A história contada sobre Campinas tem personagens peculiares, lugares que alimentam o espectro imaginário e lendas que despertam curiosidade. Em 250 anos, muitas foram as pessoas que passaram por essas campinas deixando marcas. Também foram muitos os acontecimentos que ajudaram a transformar o povoamento em município e depois em Metrópole. Personagens e personificações se misturam para compor o retrato multifacetário da Campinas de hoje.
Aldo Chioratto
Aldo Chioratto era escoteiro e foi incorporado pelas tropas paulistas como mensageiro. Morreu aos 9 anos, na manhã de 18 de setembro de 1932, na cidade de Campinas, durante um dos bombardeios comandado pelo major-aviador Eduardo Gomes, pelas Forças Armadas Brasileiras. Seu corpo foi sepultado no Cemitério da Saudade sem as devidas honras. Em julho de 1966, foi transladado para o Obelisco Mausoléu ao Soldado Constitucionalista de 32. Na lápide do pequeno soldado está escrito: “Escoteiro Aldo Chioratto – Paulista – Inocência, coragem e Civismo aqui repousam”.

Beco do Inferno
A Travessa de São Vicente de Paula tem apenas 60 metros de extensão e muitas histórias para contar. Localizada entre a Rua Luzitana e o Largo das Andorinhas, antigamente era ponto de prostituição em Campinas e, com o tempo, estórias sobre aparições macabras deram lugar à lenda e ao apelido de Beco do Inferno.

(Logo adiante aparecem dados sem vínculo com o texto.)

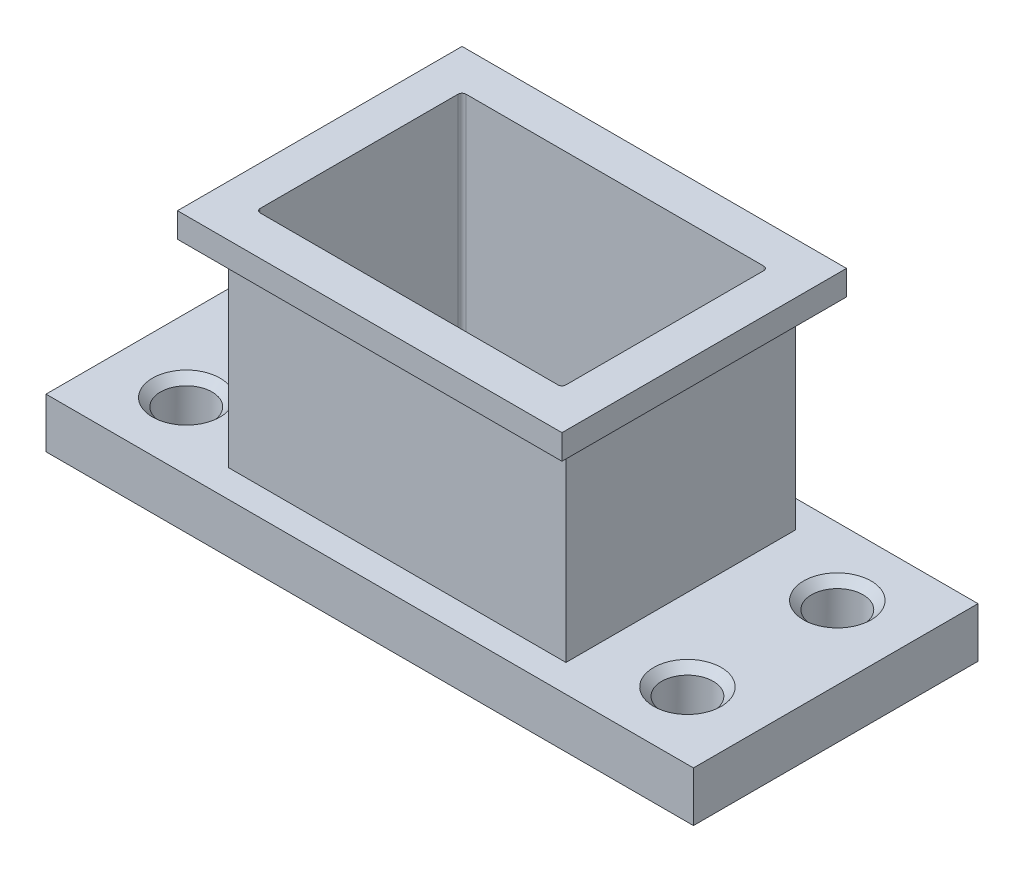
from build123d import *

# Parameters (mm, degrees)
SKETCH1_W          = 41.148
SKETCH1_H          = 18.0848
SKETCH1_W_2        = 19.431
SKETCH1_H_2        = 13.081
EXTRUDE1_DEPTH     = 17.4498
SKETCH2_W          = 8.3566
SKETCH2_H          = 18.0848
CUT_EXTRUDE1_DEPTH = 14.2748
CUT_EXTRUDE2_START = -1.5748
SKETCH3_W          = 24.4348
SKETCH3_H          = 18.0848
SKETCH3_W_2        = 21.4376
SKETCH3_H_2        = 14.5796
CUT_EXTRUDE2_DEPTH = 12.7
SKETCH4_R          = 1.6383
CUT_EXTRUDE3_DEPTH = 4.175
CHAMFER1_SIZE      = 0.508
FILLET1_R          = 0.254
CHAMFER2_SIZE      = 0.508


with BuildPart() as part:
    # Sketch1 → Extrude1 (new body)
    with BuildSketch(Plane(origin=(0, 0, 0), x_dir=(1, 0, 0), z_dir=(0, 1, 0))):
        with Locations((20.574, 9.0424)):
            Rectangle(SKETCH1_W, SKETCH1_H)
        with Locations((20.574, 9.0424)):
            Rectangle(SKETCH1_W_2, SKETCH1_H_2, mode=Mode.SUBTRACT)
    extrude(amount=EXTRUDE1_DEPTH)

    # Sketch2 → Cut-Extrude1 (cut)
    with BuildSketch(Plane(origin=(0, 17.4498, 0), x_dir=(-1, 0, 0), z_dir=(0, 1, 0))):
        with Locations((-4.1783, -9.0424)):
            Rectangle(SKETCH2_W, SKETCH2_H)
        with Locations((-36.9697, -9.0424)):
            Rectangle(SKETCH2_W, SKETCH2_H)
    extrude(amount=-CUT_EXTRUDE1_DEPTH, mode=Mode.SUBTRACT)

    # Sketch3 → Cut-Extrude2 (cut)
    with BuildSketch(Plane(origin=(0, 17.4498, 0), x_dir=(-1, 0, 0), z_dir=(0, 1, 0)).offset(CUT_EXTRUDE2_START)):
        with Locations((-20.574, -9.0424)):
            Rectangle(SKETCH3_W, SKETCH3_H)
        with Locations((-20.574, -9.0424)):
            Rectangle(SKETCH3_W_2, SKETCH3_H_2, mode=Mode.SUBTRACT)
    extrude(amount=-CUT_EXTRUDE2_DEPTH, mode=Mode.SUBTRACT)

    # Sketch4 → Cut-Extrude3 (cut, through all)
    with BuildSketch(Plane(origin=(0, 3.175, 0), x_dir=(-1, 0, 0), z_dir=(0, 1, 0))):
        with Locations(Location((-36.4998, -13.7922, 0), (0, 0, 90))):  # turned: the seam where the file's is
            Circle(SKETCH4_R)
        with Locations(Location((-36.4998, -4.2672, 0), (0, 0, 90))):  # turned: the seam where the file's is
            Circle(SKETCH4_R)
        with Locations(Location((-4.6482, -4.2672, 0), (0, 0, 90))):  # turned: the seam where the file's is
            Circle(SKETCH4_R)
        with Locations(Location((-4.6482, -13.7922, 0), (0, 0, 90))):  # turned: the seam where the file's is
            Circle(SKETCH4_R)
    extrude(amount=-CUT_EXTRUDE3_DEPTH, mode=Mode.SUBTRACT)

    # Chamfer1
    chamfer1_edges = [part.edges().sort_by_distance(p)[0] for p in [
        (36.4998, 3.175, -15.4305),
        (36.4998, 3.175, -5.9055),
        (4.6482, 3.175, -5.9055),
        (4.6482, 3.175, -15.4305),
    ]]
    chamfer(chamfer1_edges, length=CHAMFER1_SIZE)

    # Fillet1
    fillet1_edges = [part.edges().sort_by_distance(p)[0] for p in [
        (10.8585, 8.7249, -15.5829),
        (10.8585, 8.7249, -2.5019),
        (30.2895, 8.7249, -2.5019),
        (30.2895, 8.7249, -15.5829),
    ]]
    fillet(fillet1_edges, radius=FILLET1_R)

    # Chamfer2
    chamfer2_edges = [part.edges().sort_by_distance(p)[0] for p in [
        (36.4998, 0, -15.4305),
        (36.4998, 0, -5.9055),
        (4.6482, 0, -5.9055),
        (4.6482, 0, -15.4305),
    ]]
    chamfer(chamfer2_edges, length=CHAMFER2_SIZE)


solid = part.part

Uma antiga comerciante, que diz ter visto uma cadeira do estabelecimento levitar, está entre os contos conhecidos do local.

Boi Falô
A Festa do Boi Falô, realizada todas as sextas-feiras santas no distrito de Barão Geraldo, mantém viva a lenda. Segundo narra a tradição, numa Sexta-feira Santa, um capataz da Fazenda Santa Genebra ordenou a um escravo que fosse buscar alguns bois no Capão do Boi. Ao chegar ao local para tocar os bois, um dos animais recusou-se a levantar, e ao ser açoitado, o boi disse: “Hoje não é dia de trabalhar! Hoje é Dia de Nosso Senhor Jesus Cristo”!”

Bob
Um simpático cão caramelo adotado por taxistas no Largo Santa Cruz ganhou o nome de Bob e virou símbolo dos cães comunitários. Em 2009, a pedido de alguns pedestres, a Secretaria de Saúde solicitou que o cão fosse removido da praça. O movimento pró-Bob conquistou os campineiros e o famoso caramelo ficou onde estava, alimentado e cuidado por muitos tutores. Bob viveu durante quase dez anos em paz no local e ganhou um bloco carnavalesco de pets com seu nome.

Bozó
Torcedor símbolo do Guarani, Bozó ficou conhecido em Campinas por andar com a camisa do Bugre pelo Centro. O apelido de José Carlos Roque de Oliveira surgiu pela semelhança com o personagem de Chico Anysio no programa City, humorístico liderado por Chico Anysio na TV Globo. O folclórico e querido bugrino, filho do saudoso sambista Juquinha, presidente da Escola Império do Samba, faleceu em 2017, aos 58 anos, de infarto.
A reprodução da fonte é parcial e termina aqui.